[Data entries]
· · · · · · ·

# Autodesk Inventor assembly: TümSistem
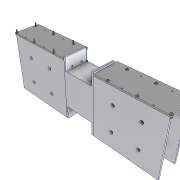
[picture p0: Inventor's stored thumbnail of the model, 180x180]
Saved by Autodesk Inventor 2020.3 (Build 243373000, 373)
## iProperties
Created: 2020-12-04
Part Number: TümSistem
Document SubType Name: Assembly
Designer: Yusuf
Mass: 2701.27 g
Surface Area: 8527.94 cm^2
Volume: 2632.53 cm^3
Density: 1.02611 g/cm^3
Author: Yusuf
## Documents named in this file (7)
- C:\Users\Yusuf\Desktop\SunCollector_Autodesk\TümSistem.iam
- C:\Users\Yusuf\Desktop\SunCollector_Autodesk\MiddlePart.ipt
- C:\Users\Yusuf\Desktop\SunCollector_Autodesk\SunTrackerHolder.ipt
- C:\Users\Yusuf\Desktop\SunCollector_Autodesk\MiddleGlass.ipt
- C:\Users\Yusuf\Desktop\SunCollector_Autodesk\PCB.ipt
- C:\Users\Yusuf\Desktop\SunCollector_Autodesk\ÜstKısım.iam
- C:\Users\Yusuf\Desktop\SunCollector_Autodesk\ÜstKısım_MirrorV2.iam
## Components (6 placed, 6 different names)
1. MiddlePart:1 — Mate:1, Mate:2, Flush:2, Mate:3, Flush:3, Angle:1, Mate:4, Mate:5, Mate:6, Mate:7, Flush:4, Flush:5
2. SunTrackerHolder:1 — Mate:1, Flush:3, Angle:1
3. MiddleGlass:1 — Mate:2, Flush:2, Mate:3
4. PCB:1 — Mate:4, Mate:5, Mate:6
5. ÜstKısım:1 [sub-assembly] — Mate:7, Flush:4, Flush:5
6. ÜstKısım_MirrorV2:1 [sub-assembly]
## Relationships (12: Mate 7, Flush 4, Angle 1)
- Mate:1: MiddlePart:1 ↔ SunTrackerHolder:1
- Mate:2: MiddlePart:1 ↔ MiddleGlass:1
- Flush:2: MiddlePart:1 ↔ MiddleGlass:1
- Mate:3: MiddlePart:1 ↔ MiddleGlass:1
- Flush:3 (3 mm): MiddlePart:1 ↔ SunTrackerHolder:1
- Angle:1 (0 deg): MiddlePart:1 ↔ SunTrackerHolder:1
- Mate:4 (2 mm): MiddlePart:1 ↔ PCB:1
- Mate:5: MiddlePart:1 ↔ PCB:1
- Mate:6 (1 mm): MiddlePart:1 ↔ PCB:1
- Mate:7: MiddlePart:1 ↔ ÜstKısım:1
- Flush:4: MiddlePart:1 ↔ ÜstKısım:1
- Flush:5: MiddlePart:1 ↔ ÜstKısım:1
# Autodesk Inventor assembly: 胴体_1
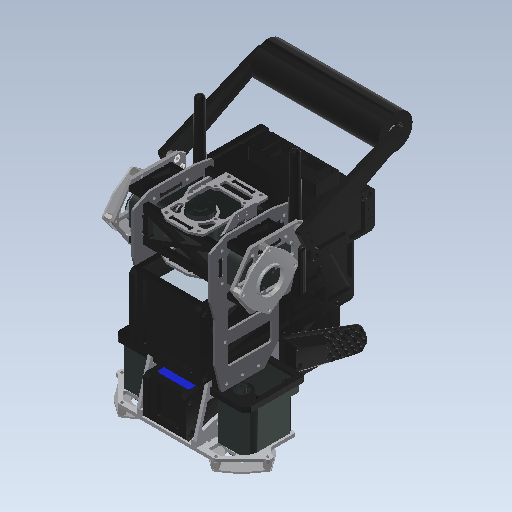
[picture p0: Inventor's stored thumbnail of the model, 512x512]
Saved by Autodesk Inventor 2020.4 (Build 244396000, 396)
## iProperties
Created: 2016-05-03
Part Number: 胴体_1
Document SubType Name: Assembly
Designer: hiroaki
Mass: 1394.39 g
Surface Area: 4542.63 cm^2
Volume: 847.153 cm^3
Density: 1.64598 g/cm^3
Author: hiroaki
## Documents named in this file (25)
- C:\Users\Masato\Documents\Inventor\CIT Brains_Inventor\OpenPlatform_ver3_0\上半身\胴体\胴体_1.iam
- C:\Users\Masato\Documents\Inventor\CIT Brains_Inventor\OpenPlatform_ver3_0\Ready_Made\B3M11xx.ipt
- C:\Users\Masato\Documents\Inventor\CIT Brains_Inventor\OpenPlatform_ver3_0\Ready_Made\B3M10xx.ipt
- C:\Users\Masato\Documents\Inventor\CIT Brains_Inventor\OpenPlatform_ver3_0\上半身\胴体\胴体_メインフレーム_1_1.ipt
- C:\Users\Masato\Documents\Inventor\CIT Brains_Inventor\OpenPlatform_ver3_0\下半身\付け根ロール\付け根ロール_サブフレーム_1_3.ipt
- C:\Users\Masato\Documents\Inventor\CIT Brains_Inventor\OpenPlatform_ver3_0\上半身\胴体\胴体_メインフレーム_1_2.ipt
- C:\Users\Masato\Documents\Inventor\CIT Brains_Inventor\OpenPlatform_ver3_0\上半身\胴体\胴体_サブフレーム_1_1.ipt
- C:\Users\Masato\Documents\Inventor\CIT Brains_Inventor\OpenPlatform_ver3_0\上半身\胴体\胴体_サブフレーム_1_2.ipt
- C:\Users\Masato\Documents\Inventor\CIT Brains_Inventor\OpenPlatform_ver3_0\上半身\胴体\胴体_サブフレーム_1_3.ipt
- C:\Users\Masato\Documents\Inventor\CIT Brains_Inventor\OpenPlatform_ver3_0\上半身\胴体\胴体_サブフレーム_1_4.ipt
- C:\Users\Masato\Documents\Inventor\CIT Brains_Inventor\OpenPlatform_ver3_0\上半身\胴体\胴体_サブフレーム_1_1_MIR.ipt
- C:\Users\Masato\Documents\Inventor\CIT Brains_Inventor\OpenPlatform_ver3_0\上半身\胴体\胴体_メインフレーム_1_12.ipt
- C:\Users\Masato\Documents\Inventor\CIT Brains_Inventor\OpenPlatform_ver3_0\上半身\胴体\胴体_メインフレーム_1_13.ipt
- C:\Users\Masato\Documents\Inventor\CIT Brains_Inventor\OpenPlatform_ver3_0\Ready_Made\MSU-306-03.ipt
- C:\Users\Masato\Documents\Inventor\CIT Brains_Inventor\OpenPlatform_ver3_0\上半身\胴体\胴体_サブフレーム_1_12.ipt
- C:\Users\Masato\Documents\Inventor\CIT Brains_Inventor\OpenPlatform_ver3_0\上半身\胴体\胴体_サブフレーム_1_4_MIR.ipt
- C:\Users\Masato\Documents\Inventor\CIT Brains_Inventor\OpenPlatform_ver3_0\上半身\胴体\RearBumper_Lower.ipt
- C:\Users\Masato\Documents\Inventor\CIT Brains_Inventor\OpenPlatform_ver3_0\上半身\胴体\RearBumper_Lower_MIR.ipt
- C:\Users\Masato\Documents\Inventor\CIT Brains_Inventor\OpenPlatform_ver3_0\Ready_Made\SGB-100.ipt
- C:\Users\Masato\Documents\Inventor\CIT Brains_Inventor\OpenPlatform_ver3_0\上半身\Cockpit\Cockpit.iam
- C:\Users\Masato\Documents\Inventor\CIT Brains_Inventor\OpenPlatform_ver3_0\Ready_Made\ASU-370H.ipt
- C:\Users\Masato\Documents\Inventor\CIT Brains_Inventor\OpenPlatform_ver3_0\Ready_Made\S3-07-3W.ipt
- C:\Users\Masato\Documents\Inventor\CIT Brains_Inventor\OpenPlatform_ver3_0\Ready_Made\SLSBF7-130-M3-N3.ipt
- C:\Users\Masato\Documents\Inventor\CIT Brains_Inventor\OpenPlatform_ver3_0\上半身\胴体\胴体_サブフレーム_改.ipt
- C:\Users\Masato\Documents\Inventor\CIT Brains_Inventor\OpenPlatform_ver3_0\上半身\胴体\胴体_サブフレーム_仮１.ipt
## Components (69 placed, 23 different names)
1. 胴体_メインフレーム_1_1:1 — 挿入:281, 挿入:282, 挿入:283, 挿入:284, 挿入:285, 挿入:286, 挿入:287, 挿入:288, 挿入:289, 挿入:290, 挿入:291, 挿入:292, 挿入:293, 挿入:294, 挿入:295, 挿入:296, 挿入:297, 挿入:298, 挿入:299, 挿入:300
2. 胴体_メインフレーム_1_2:1 — 挿入:23, 挿入:24, 挿入:25, 挿入:28, メイト:19, メイト:35
3. 胴体_サブフレーム_1_12:1 — 挿入:313, 挿入:314, 角度:55, 角度:56, 挿入:370, 角度:60
4. 胴体_サブフレーム_1_12:2 — 挿入:311, 挿入:312, 角度:57, 挿入:315, メイト:41, メイト:42, 角度:58, 角度:59
5. 胴体_メインフレーム_1_12:1 — 挿入:150, 挿入:151, 挿入:371, 挿入:372
6. 胴体_メインフレーム_1_12:2 — 挿入:162, 挿入:163, 挿入:373, 挿入:374
7. 胴体_メインフレーム_1_12:3 — 挿入:347, 挿入:348, 挿入:357, 挿入:358, 挿入:392
8. 胴体_メインフレーム_1_12:4 — 挿入:346, 挿入:349, 挿入:355, 挿入:356
9. 胴体_メインフレーム_1_13:1 — 挿入:378, 挿入:379, 挿入:380, 挿入:381
10. 胴体_メインフレーム_1_13:2 — 挿入:382, 挿入:383, 挿入:384, 挿入:385
11. 胴体_サブフレーム_1_1:1 — 挿入:275, 挿入:276, 挿入:299, 挿入:300, 角度:45, 挿入:305, 角度:51, 挿入:306, メイト:34, フラッシュ:33
12. 胴体_サブフレーム_1_1_MIR:1 — 挿入:297, 挿入:298, 挿入:301, 挿入:302, 角度:44, 挿入:303, 角度:46, 挿入:304
13. 胴体_サブフレーム_1_2:1 — フラッシュ:1, メイト:19, フラッシュ:23, フラッシュ:25, フラッシュ:28, メイト:32, メイト:35, フラッシュ:33, メイト:36, メイト:37, メイト:38, メイト:39, フラッシュ:34
14. 胴体_サブフレーム_1_2:2 — フラッシュ:1, フラッシュ:23, フラッシュ:26, フラッシュ:27, メイト:33
15. 胴体_サブフレーム_1_2:3 — フラッシュ:25, フラッシュ:28, メイト:32, メイト:34
16. 胴体_サブフレーム_1_2:4 — フラッシュ:26, フラッシュ:27, メイト:33
17. 胴体_サブフレーム_1_3:1 — 挿入:150, 挿入:151, 挿入:162, 挿入:163, 挿入:373, 挿入:374, 挿入:375, 挿入:376, 挿入:377, 挿入:378, 挿入:379, 挿入:384, 挿入:385, 挿入:394, 角度:61
18. 胴体_サブフレーム_1_3:2 — 挿入:346, 挿入:347, 挿入:348, 挿入:349, メイト:49, メイト:50, メイト:51, 挿入:380, 挿入:381, 挿入:382, 挿入:383, 挿入:392
19. 胴体_サブフレーム_1_4:1 — 挿入:57, 挿入:206, 挿入:207, 挿入:208, 挿入:209, 挿入:248, 挿入:249, 角度:53, 挿入:309, 角度:52, 挿入:310, 挿入:359, 挿入:360, 挿入:361, 挿入:371, 挿入:372
20. 胴体_サブフレーム_1_4_MIR:1 — 挿入:344, 挿入:345, 角度:50, 角度:54, 挿入:353, 挿入:354, 挿入:355, 挿入:356, 挿入:357, 挿入:358, 挿入:362, 挿入:363, 挿入:364, 挿入:365, 挿入:366, 挿入:367, 挿入:368, 挿入:369
21. 付け根ロール_サブフレーム_1_3:1 — 挿入:218, 挿入:219, 挿入:220, 挿入:221
22. 付け根ロール_サブフレーム_1_3:2 — 挿入:222, 挿入:223, 挿入:224, 挿入:225
23. 付け根ロール_サブフレーム_1_3:3 — 挿入:210, 挿入:211, 挿入:212, 挿入:213
24. 付け根ロール_サブフレーム_1_3:4 — 挿入:214, 挿入:215, 挿入:216, 挿入:217
25. 胴体_サブフレーム_改:1 — フラッシュ:35, メイト:43, メイト:44, メイト:47, メイト:48, 挿入:386, 挿入:387, 挿入:393
26. 胴体_サブフレーム_改:2 — メイト:45, フラッシュ:36, メイト:46, 挿入:388, 挿入:389, 挿入:390, 挿入:391
27. 胴体_サブフレーム_仮１:1 — メイト:47, メイト:48, フラッシュ:37
28. 胴体_サブフレーム_仮１:2 — フラッシュ:35, メイト:43, メイト:44, メイト:45, フラッシュ:36, メイト:46, フラッシュ:37, 挿入:340, 挿入:341, 挿入:342, 挿入:343
29. B3M11xx:5 — 挿入:340, 挿入:341, 挿入:342, 挿入:343
30. B3M11xx:4 — 挿入:57, 挿入:359, 挿入:360, 挿入:361, 挿入:388, 挿入:389, 挿入:390, 挿入:391
31. B3M11xx:3 — 挿入:362, 挿入:363, 挿入:364, 挿入:365, 挿入:386, 挿入:387, 挿入:393
32. B3M11xx:2 — 挿入:23, 挿入:25, 角度:23, 角度:43, 挿入:285, 挿入:286, 挿入:287, 挿入:288
33. B3M11xx:1 — 挿入:24, 挿入:28, 挿入:281, 挿入:282, 挿入:283, 挿入:284
34. MSU-306-03:1 — 挿入:218, 角度:27, 角度:29, 挿入:291
35. MSU-306-03:2 — 挿入:222, 角度:25, 角度:28, 角度:43, 挿入:296
36. MSU-306-03:3 — 挿入:220, 角度:29, 挿入:292
37. MSU-306-03:4 — 挿入:219, 角度:30, 挿入:289
38. MSU-306-03:5 — 挿入:217, 角度:34, 挿入:368
39. MSU-306-03:6 — 挿入:216, 角度:42, 挿入:369
40. MSU-306-03:7 — 挿入:225, 角度:26, 挿入:294
41. MSU-306-03:8 — 挿入:221, 角度:28, 角度:30, 挿入:290
42. MSU-306-03:9 — 挿入:206, 挿入:212, 角度:40
43. MSU-306-03:10 — 挿入:215, 角度:41, 挿入:367
44. MSU-306-03:11 — 挿入:214, 角度:33, 角度:34, 挿入:366
45. MSU-306-03:12 — 挿入:224, 角度:25, 挿入:295
46. MSU-306-03:13 — 挿入:207, 挿入:213, 角度:32
47. MSU-306-03:14 — 挿入:208, 挿入:211, 角度:32, 角度:33
48. MSU-306-03:15 — 挿入:209, 挿入:210, 角度:40, 角度:41, 角度:42
49. MSU-306-03:16 — 挿入:223, 角度:23, 角度:26, 角度:27, 挿入:293
50. MSU-306-03:17 — 挿入:313, 挿入:344, 角度:55
51. MSU-306-03:18 — 挿入:249, 挿入:312, 角度:59
52. MSU-306-03:19 — 挿入:314, 挿入:345, 角度:56
53. MSU-306-03:20 — 挿入:248, 挿入:311, 角度:58
54. RearBumper_Lower:1 — 挿入:275, 挿入:276
55. RearBumper_Lower_MIR:1 — 挿入:301, 挿入:302
56. SGB-100:1 — メイト:41, メイト:42
57. Cockpit:1 [sub-assembly] — 挿入:394, 角度:61
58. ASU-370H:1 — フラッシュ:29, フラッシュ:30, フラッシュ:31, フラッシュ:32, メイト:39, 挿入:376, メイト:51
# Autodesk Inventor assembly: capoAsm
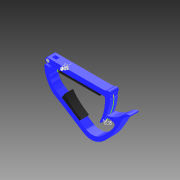
[picture p0: Inventor's stored thumbnail of the model, 180x180]
Saved by Autodesk Inventor 2012 (Build 160160000, 160)
## iProperties
Created: 2013-08-01
Part Number: capoAsm
Document SubType Name: Assembly
Designer: Dantro
Author: Dantro
## Documents named in this file (6)
- D:\testFiles\Inventor\Capo\capoAsm.iam
- D:\testFiles\Inventor\Capo\capo1.ipt
- D:\testFiles\Inventor\Capo\capo2.ipt
- D:\testFiles\Inventor\Capo\fix.ipt
- D:\testFiles\Inventor\Capo\ruber1.ipt
- D:\testFiles\Inventor\Capo\ruber2.ipt
## Components (5 placed, 5 different names)
1. capo1:1 — Mate:1, Flush:1, Mate:2, Mate:3, Mate:5, Flush:2
2. capo2:1 — Mate:1, Flush:1, Mate:4, Flush:3
3. fix:1 — Mate:2, Mate:3
4. ruber1:1 — Mate:4, Flush:3
5. ruber2:1 — Mate:5, Flush:2
## Relationships (8: Mate 5, Flush 3)
- Mate:1: capo1:1 ↔ capo2:1
- Flush:1: capo1:1 ↔ capo2:1
- Mate:2: capo1:1 ↔ fix:1
- Mate:3: capo1:1 ↔ fix:1
- Mate:4: capo2:1 ↔ ruber1:1
- Mate:5: capo1:1 ↔ ruber2:1
- Flush:2 (0.5 mm): capo1:1 ↔ ruber2:1
- Flush:3 (0.25 mm): capo2:1 ↔ ruber1:1

· · · · · · ·

= Aim of the task =
Search the data for the string "Saved". List each line that has it.

= Answer section =
Saved by Autodesk Inventor 2020.3 (Build 243373000, 373)
Saved by Autodesk Inventor 2020.4 (Build 244396000, 396)
Saved by Autodesk Inventor 2012 (Build 160160000, 160)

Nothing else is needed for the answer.